Install and Import Dependencies#
If running for the first time, uncomment and run the pip cell below.
# !pip install pandas numpy nltk matplotlib seaborn
import pandas as pd
import numpy as np
import re
from collections import Counter
import nltk
from nltk.corpus import stopwords
import matplotlib.pyplot as plt
import seaborn as sns
# Download NLTK data if not already present
nltk.download('punkt')
nltk.download('stopwords')
[nltk_data] Downloading package punkt to
[nltk_data] C:\Users\lakj\AppData\Roaming\nltk_data...
[nltk_data] Package punkt is already up-to-date!
[nltk_data] Downloading package stopwords to
[nltk_data] C:\Users\lakj\AppData\Roaming\nltk_data...
[nltk_data] Package stopwords is already up-to-date!
True
Load Data#
Check your data files: You need the main text data and project-specific stopwords as csv files.
tfs_structured.csv— Main text datatfs_stopord.csv— Project-specific stopwords
You can find them in the corresponding repository: kb-dk/cultural-heritage-data-guides-Python
Or you can load them through these links:
https://raw.githubusercontent.com/maxodsbjerg/TextMiningTFS/refs/heads/main/data/tfs_structured.csv
https://raw.githubusercontent.com/maxodsbjerg/TextMiningTFS/refs/heads/main/data/tfs_stopord.csv
Here we load the .csv files from our project folder.
The Data Structure in tfs_structured.csv is:
refnr: Reference numberrække: Series numberbind: Volume numberside: Page numbercontent: Text content
# Path to your data files
main_data_path = 'tfs_structured.csv'
stopwords_path = 'tfs_stopord.csv'
# Load main data
try:
tfs = pd.read_csv(main_data_path)
print(f'Data loaded. Shape: {tfs.shape}')
except FileNotFoundError:
print(f'File not found: {main_data_path}')
tfs = None
# Load project-specific stopwords
try:
stopord_tfs = pd.read_csv(stopwords_path)['word'].astype(str).str.lower().tolist()

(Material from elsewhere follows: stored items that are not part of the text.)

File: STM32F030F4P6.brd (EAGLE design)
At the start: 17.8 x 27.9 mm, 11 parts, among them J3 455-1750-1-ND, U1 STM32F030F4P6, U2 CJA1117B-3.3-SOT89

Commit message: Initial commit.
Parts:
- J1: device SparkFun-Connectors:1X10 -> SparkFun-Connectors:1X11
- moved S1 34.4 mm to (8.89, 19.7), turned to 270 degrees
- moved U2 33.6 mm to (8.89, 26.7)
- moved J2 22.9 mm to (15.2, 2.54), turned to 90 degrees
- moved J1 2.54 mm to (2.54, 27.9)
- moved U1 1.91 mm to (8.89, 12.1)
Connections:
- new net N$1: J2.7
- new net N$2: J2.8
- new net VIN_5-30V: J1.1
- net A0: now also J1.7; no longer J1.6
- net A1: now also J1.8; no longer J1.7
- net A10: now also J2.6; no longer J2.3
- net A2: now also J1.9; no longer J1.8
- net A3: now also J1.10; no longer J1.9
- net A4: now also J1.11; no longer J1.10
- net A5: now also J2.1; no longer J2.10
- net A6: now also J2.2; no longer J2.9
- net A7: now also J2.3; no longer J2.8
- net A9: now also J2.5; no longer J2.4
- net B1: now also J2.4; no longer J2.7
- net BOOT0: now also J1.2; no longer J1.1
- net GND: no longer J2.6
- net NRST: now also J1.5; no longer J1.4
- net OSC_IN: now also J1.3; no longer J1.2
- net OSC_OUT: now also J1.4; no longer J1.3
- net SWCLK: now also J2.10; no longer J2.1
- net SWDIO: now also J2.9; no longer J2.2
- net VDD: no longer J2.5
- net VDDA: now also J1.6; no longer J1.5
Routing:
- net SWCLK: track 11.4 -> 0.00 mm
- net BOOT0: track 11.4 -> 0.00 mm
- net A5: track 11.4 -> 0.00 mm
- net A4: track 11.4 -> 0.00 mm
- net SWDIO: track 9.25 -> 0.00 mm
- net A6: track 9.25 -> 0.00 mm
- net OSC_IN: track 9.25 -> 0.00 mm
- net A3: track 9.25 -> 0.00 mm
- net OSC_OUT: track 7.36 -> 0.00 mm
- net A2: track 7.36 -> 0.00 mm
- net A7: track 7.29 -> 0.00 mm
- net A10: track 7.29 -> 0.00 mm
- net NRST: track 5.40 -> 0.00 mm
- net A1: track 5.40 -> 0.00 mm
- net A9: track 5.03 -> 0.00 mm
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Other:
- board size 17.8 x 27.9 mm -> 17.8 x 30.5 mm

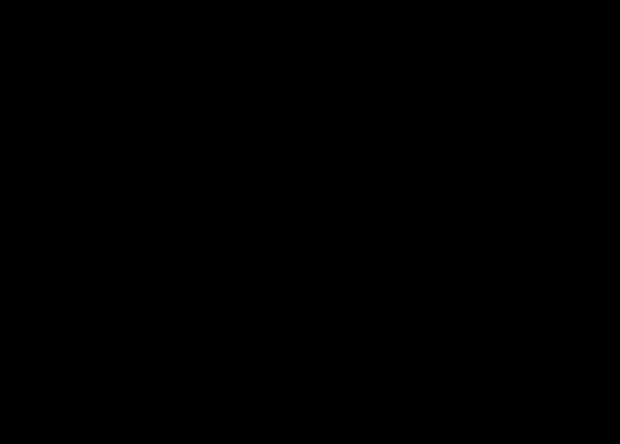
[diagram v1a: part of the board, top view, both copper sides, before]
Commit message: Added J-Link connector.
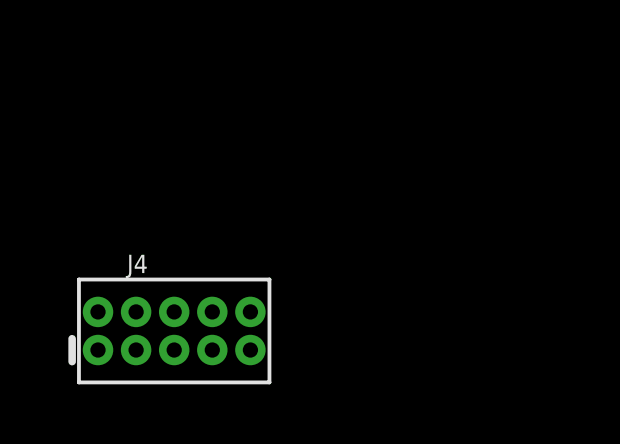
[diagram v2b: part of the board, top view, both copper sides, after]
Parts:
- added J4: CORTEX_DEBUG_MINIMUM_PTH, SparkFun-Connectors:2X5-PTH-1.27MM
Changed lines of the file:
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@@
 <attribute name="VALUE" x="17.272" y="1.27" size="0.6096" layer="27" font="vector" ratio="20" rot="R90"/>
+</element>
+<element name="J4" library="SparkFun-Connectors" package="2X5-PTH-1.27MM" value="CORTEX_DEBUG_MINIMUM_PTH" x="-35.56" y="-3.175" smashed="yes">
+<attribute name="NAME" x="-37.1348" y="-1.2446" size="0.6096" layer="25" font="vector" ratio="20"/>
+<attribute name="VALUE" x="-37.3888" y="-5.6388" size="0.6096" layer="27" font="vector" ratio="20"/>
 </element>
 </elements>

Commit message: Added capacitors, resistors, diodes, LEDs.
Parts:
- added C2, C3, C4, C5, C6, C7: (no value), adafruit:C0603
- added D2: (no value), adafruit:SOD-123
- added LED2: (no value), adafruit:CHIPLED_0603
- added R2, R3, R4, R5: (no value), adafruit:R0603
- moved J4 45.2 mm to (8.89, 5.08)
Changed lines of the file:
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@@
 <attribute name="VALUE" x="17.272" y="1.27" size="0.6096" layer="27" font="vector" ratio="20" rot="R90"/>
 </element>
-<element name="J4" library="SparkFun-Connectors" package="2X5-PTH-1.27MM" value="CORTEX_DEBUG_MINIMUM_PTH" x="-35.56" y="-3.175" smashed="yes">
-<attribute name="NAME" x="-37.1348" y="-1.2446" size="0.6096" layer="25" font="vector" ratio="20"/>
-<attribute name="VALUE" x="-37.3888" y="-5.6388" size="0.6096" layer="27" font="vector" ratio="20"/>
+<element name="J4" library="SparkFun-Connectors" package="2X5-PTH-1.27MM" value="CORTEX_DEBUG_MINIMUM_PTH" x="8.89" y="5.08" smashed="yes">
+<attribute name="NAME" x="7.3152" y="7.0104" size="0.6096" layer="25" font="vector" ratio="20"/>
+<attribute name="VALUE" x="7.0612" y="2.6162" size="0.6096" layer="27" font="vector" ratio="20"/>
+</element>
+<element name="R2" library="adafruit" package="R0603" value="" x="-8.89" y="41.91" smashed="yes">
+<attribute name="NAME" x="-9.779" y="42.799" size="1.27" layer="25"/>
+<attribute name="VALUE" x="-9.779" y="39.878" size="1.27" layer="27"/>
+</element>
+<element name="R3" library="adafruit" package="R0603" value="" x="-8.89" y="38.1" smashed="yes">
+<attribute name="NAME" x="-9.779" y="38.989" size="1.27" layer="25"/>
+<attribute name="VALUE" x="-9.779" y="36.068" size="1.27" layer="27"/>
+</element>
+<element name="R4" library="adafruit" package="R0603" value="" x="-8.89" y="34.29" smashed="yes">
+<attribute name="NAME" x="-9.779" y="35.179" size="1.27" layer="25"/>
+<attribute name="VALUE" x="-9.779" y="32.258" size="1.27" layer="27"/>
+</element>
+<element name="C2" library="adafruit" package="C0603" value="" x="-8.89" y="30.48" smashed="yes">
+<attribute name="NAME" x="-9.779" y="31.242" size="1.27" layer="25"/>
+<attribute name="VALUE" x="-9.779" y="28.448" size="1.27" layer="27"/>
+</element>
+<element name="C3" library="adafruit" package="C0603" value="" x="-8.89" y="26.67" smashed="yes">
+<attribute name="NAME" x="-9.779" y="27.432" size="1.27" layer="25"/>
+<attribute name="VALUE" x="-9.779" y="24.638" size="1.27" layer="27"/>
+</element>
+<element name="C4" library="adafruit" package="C0603" value="" x="-8.89" y="22.86" smashed="yes">
+<attribute name="NAME" x="-9.779" y="23.622" size="1.27" layer="25"/>
+<attribute name="VALUE" x="-9.779" y="20.828" size="1.27" layer="27"/>
+</element>
+<element name="C5" library="adafruit" package="C0603" value="" x="-8.89" y="19.05" smashed="yes">
+<attribute name="NAME" x="-9.779" y="19.812" size="1.27" layer="25"/>
+<attribute name="VALUE" x="-9.779" y="17.018" size="1.27" layer="27"/>
+</element>
+<element name="C6" library="adafruit" package="C0603" value="" x="-8.89" y="15.24" smashed="yes">
+<attribute name="NAME" x="-9.779" y="16.002" size="1.27" layer="25"/>
+<attribute name="VALUE" x="-9.779" y="13.208" size="1.27" layer="27"/>
+</element>
+<element name="C7" library="adafruit" package="C0603" value="" x="-8.89" y="11.43" smashed="yes">
+<attribute name="NAME" x="-9.779" y="12.192" size="1.27" layer="25"/>
+<attribute name="VALUE" x="-9.779" y="9.398" size="1.27" layer="27"/>
+</element>
+<element name="LED2" library="adafruit" package="CHIPLED_0603" value="" x="-8.255" y="6.985" smashed="yes">
+<attribute name="NAME" x="-8.89" y="5.715" size="1.27" layer="25" rot="R90"/>
+<attribute name="VALUE" x="-6.35" y="5.715" size="1.27" layer="27" rot="R90"/>
+</element>
+<element name="R5" library="adafruit" package="R0603" value="" x="-8.89" y="1.905" smashed="yes">
+<attribute name="NAME" x="-9.779" y="2.794" size="1.27" layer="25"/>
+<attribute name="VALUE" x="-9.779" y="-0.127" size="1.27" layer="27"/>
+</element>
+<element name="D2" library="adafruit" package="SOD-123" value="" x="-7.62" y="-1.27" smashed="yes">
+<attribute name="NAME" x="-8.72" y="-0.27" size="0.4064" layer="25"/>
+<attribute name="VALUE" x="-8.72" y="-2.554" size="0.4064" layer="27"/>
 </element>
 </elements>

print(f'Loaded {len(stopord_tfs)} project-specific stopwords.')
except Exception as e:
print(f'Could not load project-specific stopwords: {e}')
stopord_tfs = []
Data loaded. Shape: (28133, 14)
Loaded 60 project-specific stopwords.
Tokenization with Regex#
We tokenize the text using the regex pattern \b\S+\b (matches non-whitespace word-like sequences).
def regex_tokenize(text):
return re.findall(r'\b\S+\b', str(text).lower())
def tokenize_text(df, text_column='content'):
tokens_list = []
for idx, row in df.iterrows():
tokens = regex_tokenize(row[text_column])
for token in tokens:
tokens_list.append({
'refnr': row.get('refnr', idx),
'række': row.get('række', None),
'bind': row.get('bind', None),
'side': row.get('side', None),
'word': token
})
return pd.DataFrame(tokens_list)
if tfs is not None:
tfs_tidy = tokenize_text(tfs)
print(f'Tokenization complete. Total tokens: {len(tfs_tidy)}')
Tokenization complete. Total tokens: 4430589
Stopword Handling#
We use Danish and German stopwords from NLTK, and add project-specific stopwords.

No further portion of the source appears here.